==== Given records

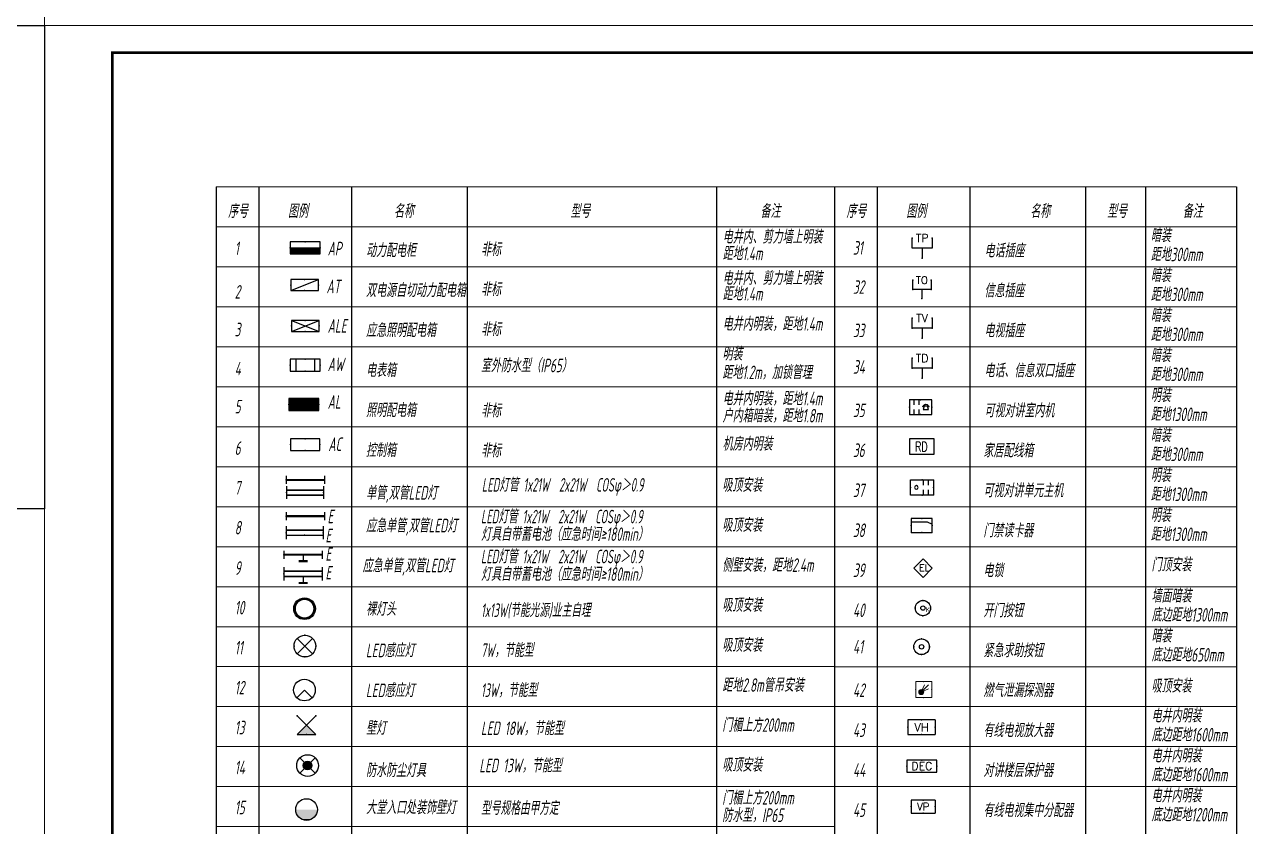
# Model space of a CAD drawing. Extents: x 2803505 to 5851001, y -1372902 to 24339.
# Drawn here: x 3241417 to 3286417, y -659364 to -629812 of the extents above; entities that cross this region are included whole.
import ezdxf
from ezdxf.enums import TextEntityAlignment as Align
from ezdxf.xclip import XClip

# ---------------------------------------------------------------- set-up
doc = ezdxf.new("R2010")
doc.units = 0
doc.header["$LTSCALE"] = 1000
doc.header["$MEASUREMENT"] = 0
doc.header["$XCLIPFRAME"] = 2
doc.linetypes.add('CONTINOUS', pattern=[0])
doc.linetypes.add('DOTE', pattern=[2.42, 2, -0.2, 0.02, -0.2])
doc.layers.get('0').update_dxf_attribs({"linetype": 'CONTINUOUS'})
for name, color, linetype in [('!!电气', 1, 'CONTINUOUS'), ('1-D2', 2, 'CONTINUOUS'), ('1-弱电', 3, 'CONTINUOUS'), ('1-弱电1', 3, 'CONTINUOUS'), ('EQUIP-安防', 3, 'CONTINUOUS'), ('EQUIP-照明', 3, 'CONTINUOUS'), ('EQUIP-电视', 3, 'CONTINUOUS'), ('EQUIP-箱柜', 3, 'CONTINUOUS'), ('EQUIP-通讯', 3, 'CONTINUOUS'), ('TEL_TEXT', 7, 'CONTINUOUS'), ('text', 7, 'CONTINUOUS'), ('TK', 252, 'CONTINUOUS'), ('电气', 6, 'CONTINUOUS')]:
    doc.layers.add(name, color=color, linetype=linetype)
for name, color, linetype, lineweight in [('DIM', 3, 'CONTINUOUS', 20), ('DOTE', 19, 'DOTE', 9), ('EQUIP-消防', 3, 'CONTINUOUS', 20), ('图框', 147, 'CONTINUOUS', 20)]:
    doc.layers.add(name, color=color, linetype=linetype, lineweight=lineweight)
doc.styles.add('1常用弱电', font='SIMPLEX.shx', dxfattribs={"width": 0.8, "height": 3.5, "bigfont": 'HZTXT.shx'})
doc.styles.add('_TCH_LABEL', font='COMPLEX', dxfattribs={"bigfont": 'GBCBIG'})
doc.styles.add('_TEL_DIM', font='SIMPLEX', dxfattribs={"width": 0.8, "height": 3.5, "bigfont": 'HZTXT'})
doc.styles.add('CM', font='complex', dxfattribs={"width": 0.75})
doc.styles.add('HZTXT', font='gbeitc.shx', dxfattribs={"width": 0.8, "height": 400, "bigfont": 'hztxt.shx'})
doc.styles.add('SM1', font='realsz.shx', dxfattribs={"width": 0.75, "bigfont": 'realhz.shx'})
doc.styles.get("Standard").update_dxf_attribs({"font": 'gbenor.shx', "bigfont": 'gbcbig.shx'})

# ---------------------------------------------------------------- blocks, each defined once
blk = doc.blocks.new('A$C74D73064')
at = {"layer": 'DOTE', "color": 252}
for p, q in [((-47045, 93137), (-47045, 8149)), ((-41595, 93137), (-41595, 8149)), ((-36145, 93137), (-36145, 8149)), ((-30695, 93137), (-30695, 8149)), ((-25245, 93137), (-25245, 8149))]:
    blk.add_line(p, q, dxfattribs=at)
blk = doc.blocks.new('A$C7F3A17C0')
ref = blk.add_blockref('A$C74D73064', (61886, 6791))
XClip(ref).set_block_clipping_path([(-52083.8042452353, 10173.6344749072), (1916.1826223061, 29673.6344737304)])
blk = doc.blocks.new('$equip$00001677')
for p, q in [((0.75, 0.6), (-0.75, 0.6)), ((-0.75, 0.6), (-0.75, 0)), ((-0.75, 0), (0.75, 0)), ((0.75, 0), (0.75, 0.6))]:
    blk.add_line(p, q)
for p in [(-0.75, 0.3), (0, 0.6), (0, 0), (0.75, 0.3)]:
    blk.add_point(p)
at = {"style": '_TCH_LABEL', "flags": 8}
blk.add_attdef('16', text='', height=0.4, dxfattribs=at).set_placement((0, 0.3), align=Align.MIDDLE_CENTER)
at = {"style": '_TCH_LABEL', "flags": 9}
blk.add_attdef('A', (0, 0), '', height=0.00002, dxfattribs=at)
blk = doc.blocks.new('$equip$00001674')
for p, q in [((-0.5, 0.499), (-0.5, 0.999)), ((0.5, 0.999), (0.5, 0.499)), ((0.5, 0.499), (-0.5, 0.499)), ((0, 0.5), (0, 0))]:
    blk.add_line(p, q)
for p in [(-0.5, 0.999), (0.5, 0.999), (-0.5, 0.499), (0, 0), (0.5, 0.499)]:
    blk.add_point(p)
at = {"style": '_TCH_LABEL', "flags": 8}
blk.add_attdef('$TEXT$', text='', height=0.4, dxfattribs=at).set_placement((0, 0.999), align=Align.MIDDLE_CENTER)
at = {"style": '_TCH_LABEL', "flags": 9}
blk.add_attdef('A', (0, 0), '', height=0.00002, dxfattribs=at)
blk = doc.blocks.new('$equip$00001382')
for p, q in [((-0.5, 0.499), (-0.5, 0.999)), ((0.5, 0.999), (0.5, 0.499)), ((0.5, 0.499), (-0.5, 0.499)), ((0, 0.5), (0, 0))]:
    blk.add_line(p, q)
for p in [(-0.5, 0.999), (0.5, 0.999), (0, 0.499), (0, 0)]:
    blk.add_point(p)
at = {"style": '_TCH_LABEL', "flags": 8}
blk.add_attdef('$TEXT$', text='', height=0.4, dxfattribs=at).set_placement((0, 0.999), align=Align.MIDDLE_CENTER)
at = {"style": '_TCH_LABEL', "flags": 9}
blk.add_attdef('A', (0, 0), '', height=0.00002, dxfattribs=at)
blk = doc.blocks.new('$equip$00001801')
for p, q in [((-0.65, 0.7), (-0.65, 0)), ((0.65, 0.7), (-0.65, 0.7)), ((0.65, 0.7), (0.65, 0)), ((-0.65, 0), (0.65, 0))]:
    blk.add_line(p, q)
for p in [(0, 0.7), (-0.65, 0.35), (0, 0), (0.65, 0.35)]:
    blk.add_point(p)
at = {"color": 7, "style": '_TEL_DIM'}
blk.add_attdef('$TEXT$', text='', height=0.4, dxfattribs=at).set_placement((0, 0.35), align=Align.MIDDLE_CENTER)
at = {"color": 7, "style": '_TEL_DIM', "flags": 1}
blk.add_attdef('A', text='', height=0.00002, dxfattribs=at).set_placement((0, 0), align=Align.MIDDLE_CENTER)
blk = doc.blocks.new('$equip$00001847')
for p, q in [((-0.5, 0.499), (-0.5, 0.999)), ((0.5, 0.999), (0.5, 0.499)), ((0.5, 0.499), (-0.5, 0.499)), ((0, 0.5), (0, 0))]:
    blk.add_line(p, q)
for p in [(-0.5, 0.999), (0.5, 0.999), (-0.5, 0.499), (0, 0), (0.5, 0.499)]:
    blk.add_point(p)
at = {"color": 7, "style": '_TEL_DIM'}
blk.add_attdef('$TEXT$', text='', height=0.4, dxfattribs=at).set_placement((0, 0.999), align=Align.MIDDLE_CENTER)
at = {"color": 7, "style": '_TEL_DIM', "flags": 1}
blk.add_attdef('A', text='', height=0.00002, dxfattribs=at).set_placement((0, 0), align=Align.MIDDLE_CENTER)
blk = doc.blocks.new('$equip$00001800')
for p, q in [((-0.65, 0.7), (-0.65, 0)), ((0.65, 0.7), (-0.65, 0.7)), ((0.65, 0.7), (0.65, 0)), ((-0.65, 0), (0.65, 0))]:
    blk.add_line(p, q)
for p in [(0, 0.7), (-0.65, 0.35), (0, 0), (0.65, 0.35)]:
    blk.add_point(p)
at = {"color": 7, "style": '_TEL_DIM'}
blk.add_attdef('$TEXT$', text='', height=0.4, dxfattribs=at).set_placement((0, 0.35), align=Align.MIDDLE_CENTER)
at = {"color": 7, "style": '_TEL_DIM', "flags": 1}
blk.add_attdef('A', text='', height=0.00002, dxfattribs=at).set_placement((0, 0), align=Align.MIDDLE_CENTER)
blk = doc.blocks.new('$equip$00002647')
at = {"linetype": 'Continuous'}
for p, q in [((-0.63, -0.415), (-0.63, 0.415)), ((-0.63, -0.415), (-0.63, 0.415)), ((-0.63, 0.415), (0.62, 0.415)), ((0.066, 0.129), (0.066, 0.415)), ((0.345, 0.129), (0.345, 0.415)), ((0.62, 0.415), (0.62, -0.415)), ((0.62, -0.415), (-0.63, -0.415)), ((0.066, -0.415), (0.066, -0.129)), ((0.345, -0.415), (0.345, -0.129))]:
    blk.add_line(p, q, dxfattribs=at)
at = {"const_width": 0.05}
blk.add_lwpolyline([(-0.63, 0.415), (0.62, 0.415), (0.62, -0.415), (-0.63, -0.415), (-0.63, 0.415), (0.62, 0.415)], dxfattribs=at)
at = {"linetype": 'Continuous'}
for start, end in [(0, 180), (180, 0)]:
    blk.add_arc((-0.32, 0), 0.1, start, end, dxfattribs=at)
at = {"color": 1}
for p in [(-0.63, 0), (-0.005, 0.415), (0.62, 0), (-0.005, -0.415)]:
    blk.add_point(p, dxfattribs=at)
at = {"color": 7, "style": '_TEL_DIM', "flags": 1}
blk.add_attdef('A', text='', height=0.000025, dxfattribs=at).set_placement((0, 0), align=Align.MIDDLE_CENTER)
blk = doc.blocks.new('A$C61097B59')
at = {"layer": '1-D2'}
for p, q in [((-88, 338), (-88, 0)), ((447, 338), (-88, 338)), ((447, 0), (447, 338)), ((-88, 0), (447, 0))]:
    blk.add_line(p, q, dxfattribs=at)
at = {"layer": '1-D2', "linetype": 'Continuous', "style": 'CM', "width": 0.75}
blk.add_text('RD', height=204, dxfattribs=at).set_placement((31, 63))
blk = doc.blocks.new('3电锁')
at = {"layer": '1-弱电1'}
for p, q in [((0, 743), (-372, 372)), ((372, 372), (0, 743)), ((-372, 372), (0, 0)), ((0, 0), (372, 372))]:
    blk.add_line(p, q, dxfattribs=at)
at = {"layer": '1-弱电1', "style": '1常用弱电'}
blk.add_text('EL', height=277.7, dxfattribs=at).set_placement((-160, 247))
blk = doc.blocks.new('$equip$00002479')
at = {"const_width": 0.04}
blk.add_lwpolyline([(-0.3, 0, 1), (0.3, 0, 1), (-0.3, 0, 0.942883)], format="xyb", dxfattribs=at)
for radius in [0.3, 0.0841]:
    blk.add_circle((0, 0), radius)
for p in [(-0.3, 0), (0, 0.3), (0.3, 0), (0, -0.3)]:
    blk.add_point(p)
at = {"color": 7, "style": '_TEL_DIM', "flags": 1}
blk.add_attdef('A', text='', height=0.00002, dxfattribs=at).set_placement((0, 0), align=Align.MIDDLE_CENTER)
blk = doc.blocks.new('$equip$00001600')
for p, q in [((0.5, 0), (-0.5, 0)), ((-0.5, 0), (-0.5, -1)), ((0.5, -1), (0.5, 0)), ((-0.15, -0.65), (0.3, -0.2)), ((-0.15, -0.65), (0.05, -0.2)), ((-0.15, -0.65), (0.3, -0.45)), ((-0.5, -1), (0.5, -1))]:
    blk.add_line(p, q)
blk.add_circle((-0.15, -0.65), 0.158)
for p in [(0, 0), (-0.5, -0.5), (0.5, -0.5), (0, -1)]:
    blk.add_point(p)
for points in [[(-0.287, -0.571), (-0.013, -0.571), (-0.308, -0.65), (0.008, -0.65)], [(-0.287, -0.729), (-0.013, -0.729), (-0.308, -0.65), (0.008, -0.65)], [(-0.229, -0.513), (-0.071, -0.513), (-0.287, -0.571), (-0.013, -0.571)], [(-0.229, -0.787), (-0.071, -0.787), (-0.287, -0.729), (-0.013, -0.729)], [(-0.15, -0.492), (-0.15, -0.492), (-0.229, -0.513), (-0.071, -0.513)], [(-0.15, -0.808), (-0.15, -0.808), (-0.229, -0.787), (-0.071, -0.787)]]:
    blk.add_solid(points)
at = {"flags": 9}
blk.add_attdef('A', (0, 0), '', height=0.00002, dxfattribs=at)
blk.add_attdef('B', text='', height=0.4, dxfattribs=at).set_placement((0.784, -0.7), align=Align.MIDDLE_CENTER)
blk = doc.blocks.new('$equip$00002628')
at = {"linetype": 'Continuous'}
for p, q in [((-0.625, 0.415), (0.625, 0.415)), ((-0.625, -0.415), (-0.625, 0.415)), ((-0.472, 0.01), (-0.409, 0.01)), ((-0.446, -0.138), (-0.395, 0.058)), ((-0.395, 0.058), (-0.395, 0.058)), ((-0.395, 0.058), (-0.206, 0.058)), ((-0.206, 0.058), (-0.155, -0.138)), ((-0.191, 0.01), (-0.129, 0.01)), ((0.071, 0.129), (0.071, 0.415)), ((0.35, 0.129), (0.35, 0.415)), ((0.625, 0.415), (0.625, -0.415)), ((0.625, -0.415), (-0.625, -0.415)), ((-0.155, -0.138), (-0.446, -0.138)), ((0.071, -0.415), (0.071, -0.129)), ((0.35, -0.415), (0.35, -0.129))]:
    blk.add_line(p, q, dxfattribs=at)
at = {"const_width": 0.04}
blk.add_lwpolyline([(-0.625, 0.415), (0.625, 0.415), (0.625, -0.415), (-0.625, -0.415), (-0.625, 0.415), (0.625, 0.415)], dxfattribs=at)
at = {"linetype": 'Continuous'}
blk.add_arc((-0.3, -0.011), 0.173, 6.98974, 173.01026, dxfattribs=at)
for p in [(-0.625, 0), (0, 0.415), (0, -0.415), (0.625, 0)]:
    blk.add_point(p)
at = {"color": 7, "style": '_TEL_DIM', "flags": 1}
blk.add_attdef('A', text='', height=0.000025, dxfattribs=at).set_placement((0, 0), align=Align.MIDDLE_CENTER)
blk = doc.blocks.new('$equip$00002617')
for p, q in [((0.625, 0.415), (-0.625, 0.415)), ((-0.625, 0.415), (-0.625, -0.415)), ((-0.625, 0.215), (0.325, 0.215)), ((0.325, 0.215), (0.625, 0.075)), ((0.625, -0.415), (0.625, 0.415)), ((-0.625, -0.415), (0.625, -0.415))]:
    blk.add_line(p, q)
at = {"linetype": 'Continuous', "const_width": 0.04}
blk.add_lwpolyline([(-0.625, 0.415), (0.625, 0.415), (0.625, -0.415), (-0.625, -0.415)], close=True, dxfattribs=at)
at = {"color": 1}
for p in [(-0.625, 0), (0, 0.415), (0.625, 0), (0.018, -0.415)]:
    blk.add_point(p, dxfattribs=at)
at = {"color": 7, "style": '_TEL_DIM', "flags": 1}
blk.add_attdef('A', text='', height=0.000025, dxfattribs=at).set_placement((0, 0), align=Align.MIDDLE_CENTER)
blk = doc.blocks.new('A$C18BE6784')
at = {"layer": 'EQUIP-安防', "linetype": 'ByBlock', "xscale": 400, "yscale": 400, "zscale": 400}
blk.add_blockref('$equip$00002479', (-47, 62), dxfattribs=at)
at = {"layer": 'EQUIP-安防', "color": 7, "linetype": 'ByBlock', "style": 'SM1', "width": 0.75}
blk.add_text('K', height=71.8, dxfattribs=at).set_placement((0, 0))
blk = doc.blocks.new('$equip$00001159')
for p, q in [((-1.2, 0.25), (-1.2, -0.25)), ((-1.2, 0), (1.2, 0)), ((1.2, 0.25), (1.2, -0.25))]:
    blk.add_line(p, q)
at = {"const_width": 0.14}
blk.add_lwpolyline([(-1.2, 0), (1.2, 0)], dxfattribs=at)
at = {"layer": 'EQUIP-照明'}
for p in [(-1.2, 0), (0, 0), (1.2, 0)]:
    blk.add_point(p, dxfattribs=at)
at = {"layer": 'EQUIP-照明', "flags": 9}
blk.add_attdef('A', (0, 0), '', height=0.00002, dxfattribs=at)
blk = doc.blocks.new('$equip$00001160')
for p, q in [((-1.2, 0.417), (-1.2, -0.417)), ((-1.2, 0.167), (1.2, 0.167)), ((1.2, 0.417), (1.2, -0.417)), ((-1.2, -0.167), (1.2, -0.167))]:
    blk.add_line(p, q)
at = {"const_width": 0.1}
for points in [[(-1.2, 0.167), (1.2, 0.167)], [(-1.2, -0.167), (1.2, -0.167)]]:
    blk.add_lwpolyline(points, dxfattribs=at)
at = {"layer": 'EQUIP-照明'}
for p in [(-1.2, 0), (0, 0.167), (1.2, 0), (0, -0.167)]:
    blk.add_point(p, dxfattribs=at)
at = {"layer": 'EQUIP-照明', "flags": 9}
blk.add_attdef('A', (0, 0), '', height=0.00002, dxfattribs=at)
blk = doc.blocks.new('$equip$00002539')
for p, q in [((-0.354, 0.354), (0.354, -0.354)), ((0.354, 0.354), (-0.354, -0.354))]:
    blk.add_line(p, q)
at = {"const_width": 0.032}
blk.add_lwpolyline([(-0.5, 0, 1), (0.5, 0, 1), (-0.5, 0, 0.911406)], format="xyb", dxfattribs=at)
blk.add_circle((0, 0), 0.5)
for p in [(-0.5, 0), (0, 0.5), (0.5, 0), (0, -0.5)]:
    blk.add_point(p)
at = {"color": 7, "style": '_TEL_DIM', "flags": 1}
blk.add_attdef('A', text='', height=0.00002, dxfattribs=at).set_placement((0, 0), align=Align.MIDDLE_CENTER)
blk = doc.blocks.new('$equip$00001149')
for p, q in [((-0.354, 0.354), (0.354, -0.354)), ((0.354, 0.354), (-0.354, -0.354))]:
    blk.add_line(p, q)
for radius in [0.5, 0.2]:
    blk.add_circle((0, 0), radius)
for points in [[(-0.173, 0.1), (0.173, 0.1), (-0.2, 0), (0.2, 0)], [(-0.173, -0.1), (0.173, -0.1), (-0.2, 0), (0.2, 0)], [(-0.1, 0.173), (0.1, 0.173), (-0.173, 0.1), (0.173, 0.1)], [(0, 0.2), (0, 0.2), (-0.1, 0.173), (0.1, 0.173)], [(-0.1, -0.173), (0.1, -0.173), (-0.173, -0.1), (0.173, -0.1)], [(0, -0.2), (0, -0.2), (-0.1, -0.173), (0.1, -0.173)]]:
    blk.add_solid(points)
at = {"flags": 9}
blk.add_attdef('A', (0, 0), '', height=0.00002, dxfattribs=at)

========

Go through the material and tally every line where "pattern" appears. The number is the whole answer.

2